**INFORMATION GIVEN**
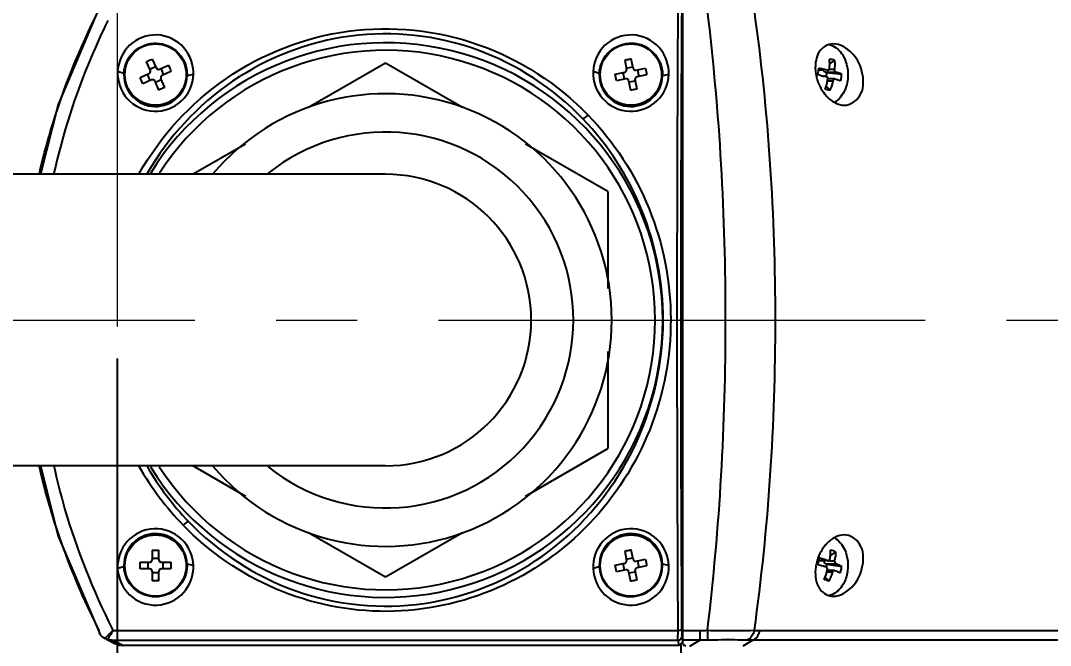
# Model space of a CAD drawing. Header units: millimetres. Extents: x 4086 to 8300, y 123 to 1549.
# Drawn here: x 6932.86 to 6973.16, y 624.12 to 648.55 of the extents above; entities that cross this region are included whole.
import ezdxf

# ---------------------------------------------------------------- set-up
doc = ezdxf.new("R2010")
doc.units = ezdxf.units.MM
doc.linetypes.add('CENTER2', pattern=[28.575, 19.05, -3.175, 3.175, -3.175])
doc.layers.add('中心线层', color=7, linetype='CENTER2', lineweight=0)
doc.layers.add('轮廓实线层', color=7, linetype='Continuous', lineweight=30)
doc.styles.add('思源黑', font='SourceHanSansCN-Normal.ttf')
doc.dimstyles.new('尺寸标注_3_10比例', dxfattribs={"dimtxt": 7, "dimasz": 6, "dimexe": 2, "dimexo": 1.5, "dimgap": 1, "dimtad": 1, "dimdec": 1, "dimlfac": 3.333333, "dimdsep": 46, "dimtxsty": '思源黑', "dimcen": 0.09, "dimadec": 0, "dimazin": 0, "dimtp": 0.01, "dimtm": 0.01, "dimtfac": 1, "dimtdec": 1, "dimtofl": 0, "dimtmove": 0, "dimatfit": 3, "dimfxl": 0, "dimtolj": 1, "dimarcsym": 0})

# ---------------------------------------------------------------- blocks, each defined once
blk = doc.blocks.new('*D2694')
at = {"layer": 'Defpoints', "color": 0}
for p in [(6831.644, 636.846), (6936.644, 636.846), (6936.644, 571.266)]:
    blk.add_point(p, dxfattribs=at)
at = {"layer": '轮廓实线层', "color": 0, "lineweight": -2}
for p, q in [((6831.644, 635.346), (6831.644, 569.266)), ((6936.644, 635.346), (6936.644, 569.266)), ((6837.644, 571.266), (6930.644, 571.266))]:
    blk.add_line(p, q, dxfattribs=at)
at = {"layer": '轮廓实线层', "color": 0}
for points in [[(6837.644, 572.266), (6837.644, 570.266), (6831.644, 571.266)], [(6930.644, 570.266), (6930.644, 572.266), (6936.644, 571.266)]]:
    blk.add_solid(points, dxfattribs=at)
at = {"layer": '轮廓实线层', "color": 0, "insert": (6885.905, 575.896), "char_height": 7, "attachment_point": 5, "style": '思源黑'}
blk.add_mtext('\\A1;350', dxfattribs=at)
blk = doc.blocks.new('*D2696')
at = {"layer": 'Defpoints', "color": 0}
for p in [(6966.344, 666.846), (6966.344, 606.846), (7038.283, 606.846)]:
    blk.add_point(p, dxfattribs=at)
at = {"layer": '轮廓实线层', "color": 0, "lineweight": -2}
for p, q in [((6967.844, 666.846), (7040.283, 666.846)), ((7038.283, 660.846), (7038.283, 612.846)), ((6967.844, 606.846), (7040.283, 606.846))]:
    blk.add_line(p, q, dxfattribs=at)
at = {"layer": '轮廓实线层', "color": 0}
for points in [[(7039.283, 660.846), (7037.283, 660.846), (7038.283, 666.846)], [(7037.283, 612.846), (7039.283, 612.846), (7038.283, 606.846)]]:
    blk.add_solid(points, dxfattribs=at)
at = {"layer": '轮廓实线层', "color": 0, "insert": (7033.379, 636.846), "char_height": 7, "attachment_point": 5, "rotation": 90, "style": '思源黑'}
blk.add_mtext('\\A1;200±0.1', dxfattribs=at)

msp = doc.modelspace()

# ---------------------------------------------------------------- linework, layer by layer
for p, q in [((6958.769, 624.162), (6958.769, 649.531)), ((6937.784, 646.947), (6937.935, 646.598)), ((6937.91, 646.655), (6938.153, 646.76)), ((6937.986, 647.035), (6938.027, 647.052)), ((6938.177, 646.702), (6938.027, 647.052)), ((6938.296, 646.655), (6938.645, 646.806)), ((6947.144, 646.892), (6944.129, 645.152)), ((6950.159, 645.152), (6947.144, 646.892)), ((6956.501, 647.013), (6956.572, 646.639)), ((6956.561, 646.701), (6956.82, 646.75)), ((6956.717, 647.056), (6956.76, 647.063)), ((6956.832, 646.689), (6956.76, 647.063)), ((6964.711, 647.013), (6964.52, 646.865)), ((6936.907, 646.492), (6936.661, 646.567)), ((6937.539, 646.329), (6937.888, 646.48)), ((6937.935, 646.213), (6937.831, 646.455)), ((6938.353, 646.68), (6938.457, 646.438)), ((6938.503, 645.945), (6938.353, 646.295)), ((6938.749, 646.563), (6938.4, 646.413)), ((6939.627, 646.448), (6939.381, 646.393)), ((6955.507, 646.492), (6955.261, 646.567)), ((6956.128, 646.462), (6956.501, 646.534)), ((6956.49, 646.263), (6956.44, 646.522)), ((6956.937, 646.618), (6957.311, 646.689)), ((6957.36, 646.43), (6956.987, 646.359)), ((6956.998, 646.63), (6957.048, 646.37)), ((6958.227, 646.448), (6957.981, 646.393)), ((6964.308, 646.618), (6964.096, 646.618)), ((6964.354, 646.534), (6964.765, 646.534)), ((6964.354, 646.534), (6964.4, 646.523)), ((6964.4, 646.523), (6964.377, 646.361)), ((6964.434, 646.618), (6964.396, 646.618)), ((6964.431, 646.338), (6964.396, 646.358)), ((6964.4, 646.523), (6964.995, 646.463)), ((6964.501, 646.647), (6964.514, 646.689)), ((6964.711, 646.64), (6964.514, 646.64)), ((6964.736, 646.555), (6964.765, 646.534)), ((6937.992, 646.237), (6937.643, 646.087)), ((6938.111, 646.19), (6938.261, 645.841)), ((6938.378, 646.238), (6938.135, 646.133)), ((6956.551, 646.275), (6956.177, 646.203)), ((6956.656, 646.203), (6956.728, 645.83)), ((6956.927, 646.192), (6956.668, 646.142)), ((6956.987, 645.88), (6956.915, 646.253)), ((6964.38, 645.99), (6964.54, 645.83)), ((6964.728, 646.275), (6964.451, 646.275)), ((6964.451, 646.204), (6964.648, 646.204)), ((6964.666, 646.246), (6964.648, 646.204)), ((6964.888, 646.227), (6964.911, 646.219)), ((6938.302, 645.857), (6938.261, 645.841)), ((6956.771, 645.837), (6956.728, 645.83)), ((6941.663, 643.728), (6939.617, 642.546)), ((6955.844, 641.869), (6952.625, 643.728)), ((6947.144, 642.546), (6831.644, 642.546)), ((6955.844, 641.869), (6955.844, 638.082)), ((6958.694, 636.855), (6958.694, 636.897)), ((6955.844, 635.611), (6955.844, 631.823)), ((6952.625, 629.965), (6955.844, 631.823)), ((6947.144, 631.146), (6831.644, 631.146)), ((6933.64, 631.146), (6934.337, 628.399)), ((6939.617, 631.146), (6941.663, 629.965)), ((6934.337, 628.399), (6935.98, 624.554)), ((6944.129, 628.541), (6947.144, 626.8)), ((6947.144, 626.8), (6950.159, 628.541)), ((6938.012, 627.849), (6938.012, 627.468)), ((6938.232, 627.85), (6938.276, 627.849)), ((6938.276, 627.468), (6938.276, 627.849)), ((6956.501, 627.813), (6956.572, 627.439)), ((6956.717, 627.856), (6956.76, 627.863)), ((6956.832, 627.489), (6956.76, 627.863)), ((6964.751, 627.788), (6964.548, 627.642)), ((6937.542, 627.378), (6937.922, 627.378)), ((6937.86, 627.114), (6937.86, 627.378)), ((6938.012, 627.53), (6938.276, 627.53)), ((6938.366, 627.378), (6938.746, 627.378)), ((6938.428, 627.378), (6938.428, 627.114)), ((6956.561, 627.501), (6956.82, 627.55)), ((6956.937, 627.418), (6957.311, 627.489)), ((6956.998, 627.43), (6957.048, 627.17)), ((6964.116, 627.542), (6964.093, 627.435)), ((6964.359, 627.435), (6964.116, 627.435)), ((6964.312, 627.373), (6964.313, 627.423)), ((6964.447, 627.435), (6964.342, 627.471)), ((6964.447, 627.435), (6964.391, 627.435)), ((6964.447, 627.435), (6964.485, 627.434)), ((6964.485, 627.434), (6964.516, 627.456)), ((6964.516, 627.456), (6964.532, 627.496)), ((6964.724, 627.423), (6964.532, 627.423)), ((6936.907, 627.201), (6936.661, 627.126)), ((6937.922, 627.114), (6937.542, 627.114)), ((6938.012, 627.024), (6938.012, 626.644)), ((6938.276, 626.962), (6938.012, 626.962)), ((6938.276, 626.644), (6938.276, 627.024)), ((6938.746, 627.114), (6938.366, 627.114)), ((6939.627, 627.244), (6939.381, 627.299)), ((6955.507, 627.201), (6955.261, 627.126)), ((6956.128, 627.262), (6956.501, 627.334)), ((6956.551, 627.075), (6956.177, 627.003)), ((6956.49, 627.063), (6956.44, 627.322)), ((6956.656, 627.003), (6956.728, 626.63)), ((6956.927, 626.992), (6956.668, 626.942)), ((6956.987, 626.68), (6956.915, 627.053)), ((6957.36, 627.23), (6956.987, 627.159)), ((6958.227, 627.244), (6957.981, 627.299)), ((6964.359, 627.311), (6964.771, 627.311)), ((6964.359, 627.311), (6964.404, 627.294)), ((6964.404, 627.294), (6964.38, 627.184)), ((6964.424, 627.157), (6964.391, 627.182)), ((6964.404, 627.294), (6964.995, 627.205)), ((6964.715, 627.057), (6964.437, 627.057)), ((6964.437, 626.996), (6964.63, 626.996)), ((6964.651, 627.036), (6964.63, 626.996)), ((6964.743, 627.335), (6964.771, 627.311)), ((6938.056, 626.643), (6938.012, 626.644)), ((6956.771, 626.637), (6956.728, 626.63)), ((6964.34, 626.795), (6964.495, 626.631)), ((6936.443, 624.769), (6936.472, 624.71)), ((6936.472, 624.71), (6958.581, 624.71)), ((6958.769, 624.71), (6959.441, 624.71)), ((6959.441, 624.71), (6959.441, 624.326)), ((6961.798, 624.71), (7002.042, 624.71)), ((6936.144, 624.405), (6936.124, 624.414)), ((6936.124, 624.414), (6936.144, 624.404)), ((6936.224, 624.38), (6936.271, 624.368)), ((6936.231, 624.362), (6936.557, 624.203)), ((6936.286, 624.388), (6936.271, 624.368)), ((6936.471, 624.326), (6958.587, 624.326)), ((6936.471, 624.326), (6936.862, 624.136)), ((6936.501, 624.234), (6936.557, 624.203)), ((6936.557, 624.203), (6936.695, 624.153)), ((6936.695, 624.153), (6936.862, 624.133)), ((6936.862, 624.144), (6936.862, 624.133)), ((6936.862, 624.133), (6958.602, 624.133)), ((6958.587, 624.326), (6958.602, 624.136)), ((6958.602, 624.153), (6958.602, 624.133)), ((6958.699, 624.133), (6958.702, 621.754)), ((6958.736, 624.472), (6958.748, 624.324)), ((6959.441, 624.326), (6958.769, 624.326)), ((6959.052, 624.096), (6959.441, 624.326)), ((6961.514, 624.326), (6961.124, 624.096)), ((7001.757, 624.326), (6961.514, 624.326))]:
    msp.add_line(p, q)
for points in [[(6935.97, 649.118), (6934.328, 645.268), (6933.64, 642.546)], [(6937.784, 646.947), (6937.824, 646.966), (6937.864, 646.984), (6937.905, 647.002)], [(6937.905, 647.002), (6937.945, 647.019), (6937.986, 647.035)], [(6956.501, 647.013), (6956.544, 647.022), (6956.587, 647.031), (6956.63, 647.04)], [(6956.63, 647.04), (6956.673, 647.048), (6956.717, 647.056)], [(6936.907, 646.492), (6936.907, 646.476), (6936.906, 646.461), (6936.906, 646.446)], [(6939.381, 646.393), (6939.382, 646.411), (6939.382, 646.429), (6939.382, 646.446)], [(6955.507, 646.492), (6955.507, 646.476), (6955.506, 646.461), (6955.506, 646.446)], [(6957.981, 646.393), (6957.982, 646.411), (6957.982, 646.429), (6957.982, 646.446)], [(6964.354, 646.534), (6964.322, 646.554), (6964.302, 646.591)], [(6964.451, 646.253), (6964.45, 646.3), (6964.431, 646.338)], [(6964.434, 646.618), (6964.472, 646.621), (6964.501, 646.647)], [(6964.711, 646.64), (6964.716, 646.593), (6964.736, 646.555)], [(6938.383, 645.891), (6938.343, 645.874), (6938.302, 645.857)], [(6938.503, 645.945), (6938.464, 645.927), (6938.423, 645.909), (6938.383, 645.891)], [(6964.728, 646.275), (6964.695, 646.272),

**WORK TO COMPLETE**
Retype, in the same exact form, the lines of the material above from the line holding "blk = doc.blocks.new('*D2694')" through the line holding "layer by layer".

**RESPONSE**
blk = doc.blocks.new('*D2694')
at = {"layer": 'Defpoints', "color": 0}
for p in [(6831.644, 636.846), (6936.644, 636.846), (6936.644, 571.266)]:
    blk.add_point(p, dxfattribs=at)
at = {"layer": '轮廓实线层', "color": 0, "lineweight": -2}
for p, q in [((6831.644, 635.346), (6831.644, 569.266)), ((6936.644, 635.346), (6936.644, 569.266)), ((6837.644, 571.266), (6930.644, 571.266))]:
    blk.add_line(p, q, dxfattribs=at)
at = {"layer": '轮廓实线层', "color": 0}
for points in [[(6837.644, 572.266), (6837.644, 570.266), (6831.644, 571.266)], [(6930.644, 570.266), (6930.644, 572.266), (6936.644, 571.266)]]:
    blk.add_solid(points, dxfattribs=at)
at = {"layer": '轮廓实线层', "color": 0, "insert": (6885.905, 575.896), "char_height": 7, "attachment_point": 5, "style": '思源黑'}
blk.add_mtext('\\A1;350', dxfattribs=at)
blk = doc.blocks.new('*D2696')
at = {"layer": 'Defpoints', "color": 0}
for p in [(6966.344, 666.846), (6966.344, 606.846), (7038.283, 606.846)]:
    blk.add_point(p, dxfattribs=at)
at = {"layer": '轮廓实线层', "color": 0, "lineweight": -2}
for p, q in [((6967.844, 666.846), (7040.283, 666.846)), ((7038.283, 660.846), (7038.283, 612.846)), ((6967.844, 606.846), (7040.283, 606.846))]:
    blk.add_line(p, q, dxfattribs=at)
at = {"layer": '轮廓实线层', "color": 0}
for points in [[(7039.283, 660.846), (7037.283, 660.846), (7038.283, 666.846)], [(7037.283, 612.846), (7039.283, 612.846), (7038.283, 606.846)]]:
    blk.add_solid(points, dxfattribs=at)
at = {"layer": '轮廓实线层', "color": 0, "insert": (7033.379, 636.846), "char_height": 7, "attachment_point": 5, "rotation": 90, "style": '思源黑'}
blk.add_mtext('\\A1;200±0.1', dxfattribs=at)

msp = doc.modelspace()

# ---------------------------------------------------------------- linework, layer by layer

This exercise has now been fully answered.